DIFFERENCES IN VASCULAR REACTIVITY IN MODELS OF ISCHEMIC ACUTE-RENAL-FAILURE

To determine the mechanism of observed differences in vasoreactivity in norepinephrine-induced (NE) and renal artery clamp (RAC) models of ischemic acute renal failure (ARF), induction renal blood flow (RBF) was measured and vascular reactivity examined one week thereafter in NE- and RAC-ARF rat kidneys that had identical levels of renal dysfunction. Morphology also was compared at 48 hours and one week. In NE-ARF, RBF was 14% during 90 minutes of induction and by 60 minutes post-NE infusion was only 18% of baseline. In contrast, in RAC-ARF RBF was effectively 0 for 75 minutes but returned to 95% of baseline by 60 minutes after clamp release. At one week there was a paradoxical increase in renovascular resistance (RVR) to renal perfusion pressure (RPP) reduction in the autoregulatory range and an augmented vasoconstriction to renal nerve stimulation (RNS) in NE-ARF, but no change in RVR and minimal reduction in RBF to these same respective stimuli in RAC-ARF (both different at P < 0.001). NE-ARF were more sensitive to intrarenal norepinephrine than RAC-ARF kidneys (P < 0.001).
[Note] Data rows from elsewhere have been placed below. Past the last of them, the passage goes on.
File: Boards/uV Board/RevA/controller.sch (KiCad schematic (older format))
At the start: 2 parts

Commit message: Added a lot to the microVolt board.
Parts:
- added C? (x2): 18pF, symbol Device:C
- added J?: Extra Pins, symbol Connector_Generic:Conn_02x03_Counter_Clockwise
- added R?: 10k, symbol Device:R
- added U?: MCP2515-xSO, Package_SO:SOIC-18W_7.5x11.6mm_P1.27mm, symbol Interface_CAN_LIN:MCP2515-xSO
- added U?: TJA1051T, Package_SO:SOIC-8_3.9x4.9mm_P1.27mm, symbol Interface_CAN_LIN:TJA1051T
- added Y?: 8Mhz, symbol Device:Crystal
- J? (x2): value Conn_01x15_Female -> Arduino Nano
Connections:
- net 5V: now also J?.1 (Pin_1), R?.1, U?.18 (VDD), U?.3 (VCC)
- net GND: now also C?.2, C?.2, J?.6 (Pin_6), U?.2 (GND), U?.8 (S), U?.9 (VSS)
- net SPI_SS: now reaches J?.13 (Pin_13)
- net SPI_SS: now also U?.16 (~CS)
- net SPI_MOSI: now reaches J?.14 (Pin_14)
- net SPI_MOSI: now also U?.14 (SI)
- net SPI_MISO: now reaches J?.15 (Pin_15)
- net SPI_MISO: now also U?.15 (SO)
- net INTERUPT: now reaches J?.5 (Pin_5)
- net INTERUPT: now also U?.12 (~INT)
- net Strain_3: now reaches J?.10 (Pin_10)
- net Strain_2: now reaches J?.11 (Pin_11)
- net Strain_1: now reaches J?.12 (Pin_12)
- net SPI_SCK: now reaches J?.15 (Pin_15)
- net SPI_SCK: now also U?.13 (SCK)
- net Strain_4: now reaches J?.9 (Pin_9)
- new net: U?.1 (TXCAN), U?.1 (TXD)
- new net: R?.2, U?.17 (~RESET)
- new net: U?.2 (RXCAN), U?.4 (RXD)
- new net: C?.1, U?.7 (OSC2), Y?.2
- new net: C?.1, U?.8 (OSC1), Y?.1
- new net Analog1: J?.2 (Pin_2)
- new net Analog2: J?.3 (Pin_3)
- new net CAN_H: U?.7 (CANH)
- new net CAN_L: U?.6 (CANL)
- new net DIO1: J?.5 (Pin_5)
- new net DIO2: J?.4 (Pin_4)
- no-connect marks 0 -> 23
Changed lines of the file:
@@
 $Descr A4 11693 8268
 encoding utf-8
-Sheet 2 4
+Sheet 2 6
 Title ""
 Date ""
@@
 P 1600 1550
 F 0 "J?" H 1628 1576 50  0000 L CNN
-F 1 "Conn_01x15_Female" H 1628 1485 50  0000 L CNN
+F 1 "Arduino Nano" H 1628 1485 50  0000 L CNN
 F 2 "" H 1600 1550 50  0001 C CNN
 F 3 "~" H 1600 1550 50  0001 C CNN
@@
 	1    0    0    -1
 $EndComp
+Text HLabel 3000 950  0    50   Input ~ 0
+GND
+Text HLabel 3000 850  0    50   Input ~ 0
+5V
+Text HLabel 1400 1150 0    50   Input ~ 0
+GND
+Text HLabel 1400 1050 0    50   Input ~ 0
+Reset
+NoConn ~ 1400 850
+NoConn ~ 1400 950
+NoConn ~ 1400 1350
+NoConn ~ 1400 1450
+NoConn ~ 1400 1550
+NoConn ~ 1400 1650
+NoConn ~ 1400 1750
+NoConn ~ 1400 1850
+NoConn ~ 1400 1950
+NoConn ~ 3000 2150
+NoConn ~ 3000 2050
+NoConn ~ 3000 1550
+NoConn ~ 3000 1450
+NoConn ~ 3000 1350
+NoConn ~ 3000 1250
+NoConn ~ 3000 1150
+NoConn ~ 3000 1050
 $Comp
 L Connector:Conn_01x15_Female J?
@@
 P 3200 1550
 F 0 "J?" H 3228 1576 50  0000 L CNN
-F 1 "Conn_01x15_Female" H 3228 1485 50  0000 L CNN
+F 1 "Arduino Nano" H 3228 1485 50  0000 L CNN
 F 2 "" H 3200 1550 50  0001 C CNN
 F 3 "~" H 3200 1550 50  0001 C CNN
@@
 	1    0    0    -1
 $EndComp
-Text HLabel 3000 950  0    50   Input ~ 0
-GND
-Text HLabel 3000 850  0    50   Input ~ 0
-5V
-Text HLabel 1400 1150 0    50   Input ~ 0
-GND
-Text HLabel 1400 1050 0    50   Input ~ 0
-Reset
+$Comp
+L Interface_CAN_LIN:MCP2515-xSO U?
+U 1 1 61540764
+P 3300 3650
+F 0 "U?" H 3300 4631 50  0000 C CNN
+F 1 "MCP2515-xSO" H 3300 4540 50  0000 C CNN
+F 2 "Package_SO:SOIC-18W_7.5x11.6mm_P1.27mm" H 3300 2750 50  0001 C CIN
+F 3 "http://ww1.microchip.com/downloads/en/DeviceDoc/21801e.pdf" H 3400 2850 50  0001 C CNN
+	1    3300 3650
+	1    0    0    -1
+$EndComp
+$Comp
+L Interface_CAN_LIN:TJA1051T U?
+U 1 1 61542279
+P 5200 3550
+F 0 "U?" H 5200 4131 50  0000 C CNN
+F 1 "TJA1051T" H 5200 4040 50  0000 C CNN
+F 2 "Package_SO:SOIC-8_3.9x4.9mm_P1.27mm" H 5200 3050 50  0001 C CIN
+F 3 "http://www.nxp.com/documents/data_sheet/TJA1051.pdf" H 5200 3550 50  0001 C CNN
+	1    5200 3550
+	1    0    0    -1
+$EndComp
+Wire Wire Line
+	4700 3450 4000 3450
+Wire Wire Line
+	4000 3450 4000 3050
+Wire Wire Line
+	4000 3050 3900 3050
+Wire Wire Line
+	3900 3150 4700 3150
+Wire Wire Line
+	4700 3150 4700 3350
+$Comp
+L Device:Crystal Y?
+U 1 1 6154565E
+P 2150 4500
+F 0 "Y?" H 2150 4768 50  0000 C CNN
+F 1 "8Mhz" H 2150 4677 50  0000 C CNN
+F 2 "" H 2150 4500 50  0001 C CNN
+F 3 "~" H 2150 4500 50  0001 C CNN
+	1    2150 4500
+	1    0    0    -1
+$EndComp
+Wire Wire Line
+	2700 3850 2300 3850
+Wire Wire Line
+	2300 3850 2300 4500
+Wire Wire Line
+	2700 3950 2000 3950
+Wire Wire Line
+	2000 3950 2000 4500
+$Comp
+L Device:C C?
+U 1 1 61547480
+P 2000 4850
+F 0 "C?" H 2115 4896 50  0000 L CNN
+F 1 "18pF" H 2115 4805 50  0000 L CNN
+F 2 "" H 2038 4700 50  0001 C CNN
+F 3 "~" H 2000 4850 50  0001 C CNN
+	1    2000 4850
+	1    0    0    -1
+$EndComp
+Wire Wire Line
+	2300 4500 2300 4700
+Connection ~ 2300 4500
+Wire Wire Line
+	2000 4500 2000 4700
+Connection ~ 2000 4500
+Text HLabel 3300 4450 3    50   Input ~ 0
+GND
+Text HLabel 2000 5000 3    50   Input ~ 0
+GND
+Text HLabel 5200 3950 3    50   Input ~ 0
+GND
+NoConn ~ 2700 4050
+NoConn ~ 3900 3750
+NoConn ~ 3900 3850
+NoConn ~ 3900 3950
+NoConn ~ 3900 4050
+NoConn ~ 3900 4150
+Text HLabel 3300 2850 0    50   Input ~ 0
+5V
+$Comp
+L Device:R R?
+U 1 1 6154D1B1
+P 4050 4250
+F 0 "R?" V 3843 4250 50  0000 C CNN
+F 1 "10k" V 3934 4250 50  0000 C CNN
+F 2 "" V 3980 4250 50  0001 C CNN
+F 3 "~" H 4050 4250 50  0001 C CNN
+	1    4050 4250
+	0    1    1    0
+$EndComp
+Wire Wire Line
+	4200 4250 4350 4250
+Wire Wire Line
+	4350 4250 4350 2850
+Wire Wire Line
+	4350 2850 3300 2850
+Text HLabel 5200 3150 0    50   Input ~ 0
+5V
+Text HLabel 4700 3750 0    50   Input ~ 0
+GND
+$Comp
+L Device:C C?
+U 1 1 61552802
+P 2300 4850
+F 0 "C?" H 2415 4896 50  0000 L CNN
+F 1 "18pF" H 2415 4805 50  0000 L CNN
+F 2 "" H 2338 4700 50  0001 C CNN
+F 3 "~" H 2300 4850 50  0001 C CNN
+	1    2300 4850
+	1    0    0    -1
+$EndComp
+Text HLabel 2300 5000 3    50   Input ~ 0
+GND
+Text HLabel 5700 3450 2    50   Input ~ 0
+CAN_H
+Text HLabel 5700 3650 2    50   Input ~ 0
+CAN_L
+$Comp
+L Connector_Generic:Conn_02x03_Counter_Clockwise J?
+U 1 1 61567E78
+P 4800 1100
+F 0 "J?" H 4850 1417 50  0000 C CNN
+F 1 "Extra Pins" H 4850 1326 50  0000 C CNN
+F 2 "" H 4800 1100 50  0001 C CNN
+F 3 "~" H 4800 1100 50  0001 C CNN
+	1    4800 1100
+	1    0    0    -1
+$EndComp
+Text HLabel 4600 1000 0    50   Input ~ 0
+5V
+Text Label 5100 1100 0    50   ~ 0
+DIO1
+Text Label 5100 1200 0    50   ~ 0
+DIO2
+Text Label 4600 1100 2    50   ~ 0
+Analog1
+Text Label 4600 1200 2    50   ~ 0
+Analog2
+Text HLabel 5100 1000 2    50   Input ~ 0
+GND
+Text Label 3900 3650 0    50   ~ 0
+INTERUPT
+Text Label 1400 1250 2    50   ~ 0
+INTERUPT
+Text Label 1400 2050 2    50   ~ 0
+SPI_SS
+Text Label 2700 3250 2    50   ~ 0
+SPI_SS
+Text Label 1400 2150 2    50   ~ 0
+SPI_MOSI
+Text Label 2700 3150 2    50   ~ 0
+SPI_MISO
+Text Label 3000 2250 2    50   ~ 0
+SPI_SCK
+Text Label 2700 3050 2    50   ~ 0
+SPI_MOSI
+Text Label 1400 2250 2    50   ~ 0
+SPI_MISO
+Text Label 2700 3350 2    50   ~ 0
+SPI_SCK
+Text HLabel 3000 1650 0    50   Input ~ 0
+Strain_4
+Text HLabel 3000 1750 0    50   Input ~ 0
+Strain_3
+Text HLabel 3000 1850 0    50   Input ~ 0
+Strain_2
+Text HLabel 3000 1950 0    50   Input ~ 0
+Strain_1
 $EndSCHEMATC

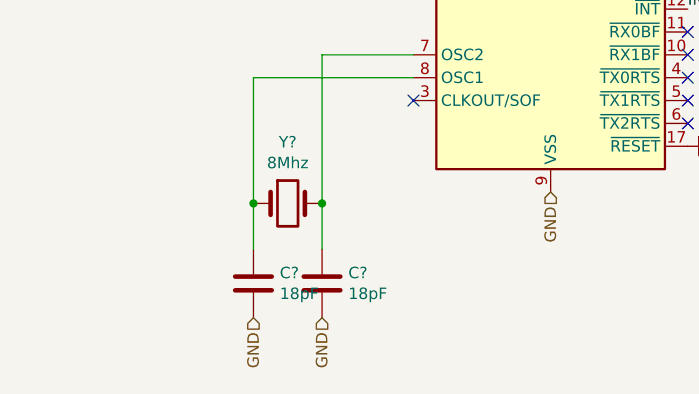
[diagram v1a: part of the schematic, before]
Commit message: Created Rev_B of the MicroVolt Board. Edited RevA of ADC Board.
Deleted CAN infrastructure in Rev_B, and added I2C "infrastructure." Better labeled arduino nano pins within controller sheet. Imported pins from controller sheet out to board. Added controller, pull up and pulldown resistor sheets, and a button inputs sheet.
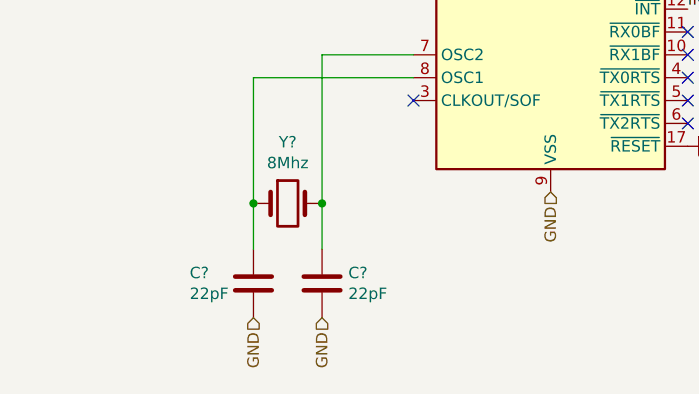
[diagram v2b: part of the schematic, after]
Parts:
- C? (x2): value 18pF -> 22pF
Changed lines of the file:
@@
 U 1 1 61547480
 P 2000 4850
-F 0 "C?" H 2115 4896 50  0000 L CNN
-F 1 "18pF" H 2115 4805 50  0000 L CNN
+F 0 "C?" H 1721 4896 50  0000 L CNN
+F 1 "22pF" H 1721 4805 50  0000 L CNN
 F 2 "" H 2038 4700 50  0001 C CNN
 F 3 "~" H 2000 4850 50  0001 C CNN
@@
 P 2300 4850
 F 0 "C?" H 2415 4896 50  0000 L CNN
-F 1 "18pF" H 2415 4805 50  0000 L CNN
+F 1 "22pF" H 2415 4805 50  0000 L CNN
 F 2 "" H 2338 4700 50  0001 C CNN
 F 3 "~" H 2300 4850 50  0001 C CNN

Neither NE- nor RAC-ARF kidneys responded to endothelium-dependent acetylcholine (ACh). Vasodilation to endothelium-independent prostacyclin (PGI2) in NE- was similar to sham-ARF, but there was an attenuated response in RAC-ARF kidneys (P < 0.001). Morphology at 48 hours showed smooth muscle necrosis in half of the resistance vessels in RAC- but in < 10% of those in NE-ARF. Except for a slightly greater frequency of tubular casts at 48 hours in RAC-ARF, tubular injury was indistinguishable. It is concluded that NE-ARF has evidence of a predominant functional endothelial vascular injury while RAC-ARF has both morphologic and functional evidence of a predominant smooth muscle injury. Differences in vascular injury between the two models, at least in part, may be the consequence of differences in severity of initial ischemia and/or the rates of recovery of RBF; however, an additional or separate toxic effect of infused NE cannot be excluded.